Shortly after this implementation, however, DEA sent the following letter to the pharmacies across the state warning that if they dispense THC products they will be in violation of the Controlled Substances Act:

Pharmacies should avoid distributing cannabis products precisely due to federal restrictions. The only exception would be distributing FDA approved CBD products (such as Epidiolex). Likewise, prescribers do not stock or prescribe cannabis. Instead, they issue recommendations regarding medical conditions that may justify consuming cannabis products.

Now Georgia is at a loss. It is facing a dilemma: the need to provide access to medical marijuana and avoid non-compliance for its pharmacies.  Frankly, it has only one way to proceed. It needs to wait until the DEA reschedules marijuana or until any other federal green light to dispense marijuana from federally licensed facilities. Of course, Georgia can file a legal action against DEA but marijuana remains a Schedule I substance and DEA is enforcing the Controlled Substances Act (I feel like it would be a very tough uphill battle).

A legal counsel for Georgia Access to Medical Cannabis Commission (“Commission”) explained in an interview that a congressionally approved budget rider prevents federal agencies from interfering with state approved medical marijuana programs. And it appears that DEA is interfering with Georgia’s state program to expand access to medical marijuana.

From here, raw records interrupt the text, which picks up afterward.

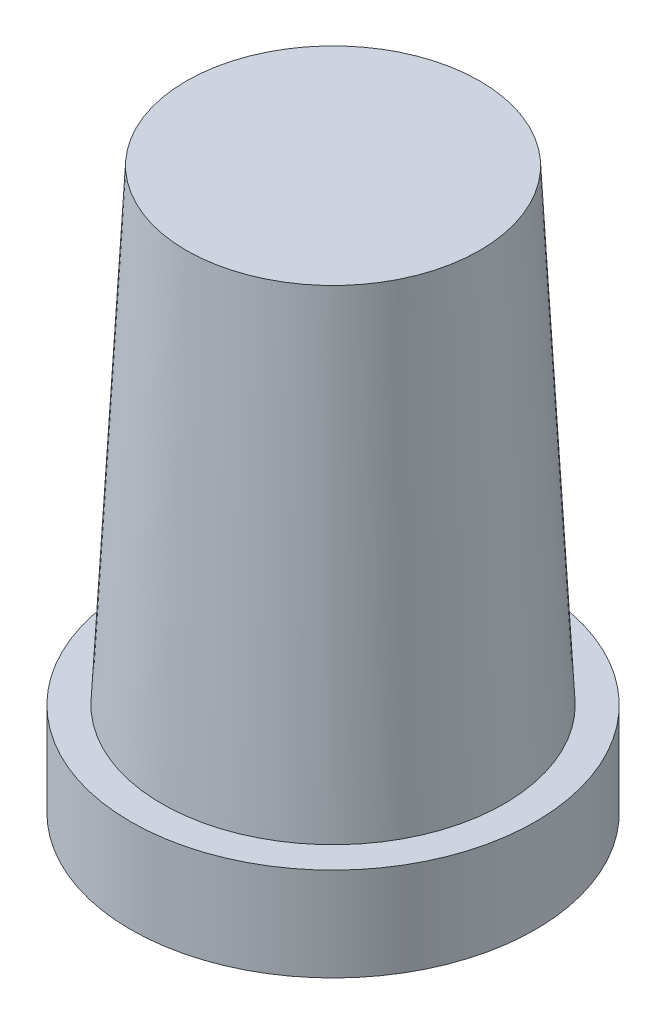
from build123d import *

# Parameters (mm, degrees)
SKETCH1_R           = 6.5
BOSS_EXTRUDE1_DEPTH = 18
SKETCH2_R           = 5
CUT_EXTRUDE1_DEPTH  = 4
CUT_EXTRUDE2_DEPTH  = 12
CHAMFER1_SIZE       = 1
CHAMFER1_SIZE2      = 0.577350269
SKETCH4_OUTSIDE_W   = 20.146
SKETCH4_OUTSIDE_H   = 20.146
SKETCH4_OUTSIDE_R   = 5.5
CUT_EXTRUDE3_DEPTH  = 15
CHAMFER2_SIZE       = 15
CHAMFER2_SIZE_2     = 0.786116689


with BuildPart() as part:
    # Sketch1 → Boss-Extrude1 (new body)
    with BuildSketch(Plane(origin=(0, 0, 0), x_dir=(1, 0, 0), z_dir=(0, 1, 0))):
        with Locations(Location((0, 0, 0), (0, 0, 270))):
            Circle(SKETCH1_R)
    extrude(amount=BOSS_EXTRUDE1_DEPTH)

    # Sketch2 → Cut-Extrude1 (cut)
    with BuildSketch(Plane.XZ):
        with Locations(Location((0, 0, 0), (0, 0, 270))):
            Circle(SKETCH2_R)
    extrude(amount=-CUT_EXTRUDE1_DEPTH, mode=Mode.SUBTRACT)

    # Sketch3 → Cut-Extrude2 (cut)
    with BuildSketch(Plane.XZ.offset(-4)):
        with BuildLine():
            Line((-1.732055507, -2.57098886), (3.04828024, -0.563903873))
            ThreePointArc((3.04828024, -0.563903873), (-1.200087257, 2.858284551), (-1.732055507, -2.57098886))
        make_face()
    extrude(amount=-CUT_EXTRUDE2_DEPTH, mode=Mode.SUBTRACT)

    # Chamfer1
    chamfer1_edges = [part.edges().sort_by_distance(p)[0] for p in [
        (0, 0, 5),
    ]]
    chamfer1_side = [part.faces().sort_by_distance(p)[0] for p in [
        (0, 2, 5),
    ]]
    chamfer(chamfer1_edges, length=CHAMFER1_SIZE, length2=CHAMFER1_SIZE2, reference=chamfer1_side[0])

    # Sketch4 outside → Cut-Extrude3 (cut)
    with BuildSketch(Plane(origin=(0, 18, 0), x_dir=(1, 0, 0), z_dir=(0, 1, 0))):
        Rectangle(SKETCH4_OUTSIDE_W, SKETCH4_OUTSIDE_H)
        with Locations(Location((0, 0, 0), (0, 0, 270))):
            Circle(SKETCH4_OUTSIDE_R, mode=Mode.SUBTRACT)
    extrude(amount=-CUT_EXTRUDE3_DEPTH, mode=Mode.SUBTRACT)

    # Chamfer2
    # the kernel refuses this chamfer: 15, 0.786116689 mm, written as the material it takes off along each edge
    with BuildSketch(Plane(origin=(0, 18, 0), x_dir=(0, 0, 1), z_dir=(-1, 0, 0))) as chamfer2_piece_1_section:
        Polygon((5.5, -CHAMFER2_SIZE), (5.5 - CHAMFER2_SIZE_2, 0), (5.5, 0), align=None)
    chamfer2_piece_1 = revolve(axis=Axis((0, 18, 0), (0, 1, 0)), mode=Mode.PRIVATE)
    chamfer2_piece_1 = split(chamfer2_piece_1, bisect_by=Plane(origin=(0, 3, -5.162730795), z_dir=(0, 1, 0)), keep=Keep.TOP, mode=Mode.PRIVATE)
    add(chamfer2_piece_1, mode=Mode.SUBTRACT)


solid = part.part

But as far as I remember, the rider is expiring shortly and pharmacies are registered by the DEA who exercises broad discretion on whether to renew/issue registration to dispense controlled substance. (Besides, dispensaries remain available to dispense marijuana in Georgia). So an argument could be made that DEA is not interfering with the state program but it warns its registrants against non-compliance with federal law.

So the only feasible approach is to push for rescheduling of marijuana. To remind, the Department of Health and Human Services (HHS) has recommended to reschedule marijuana into Schedule III. (See a related blog post). DEA has not responded to the HHS’s recommendation in any way yet. But many analysts predict (based on various precedents) that DEA will follow the HHS’s recommendation. Several governors also wrote letters to the Biden administration recommending rescheduling by the end of this year and highlighting the benefits of removing cannabis from Schedule I.

Question arises: if marijuana is rescheduled, will pharmacies be able to dispense products containing cannabinoids? It still seems unlikely because the FDA will need to approve pharmaceutical preparations containing cannabis and this could take a long time.

As of today, however, DEA’s warning is clear: if pharmacies dispense cannabis products, they risk having issues with their DEA registration.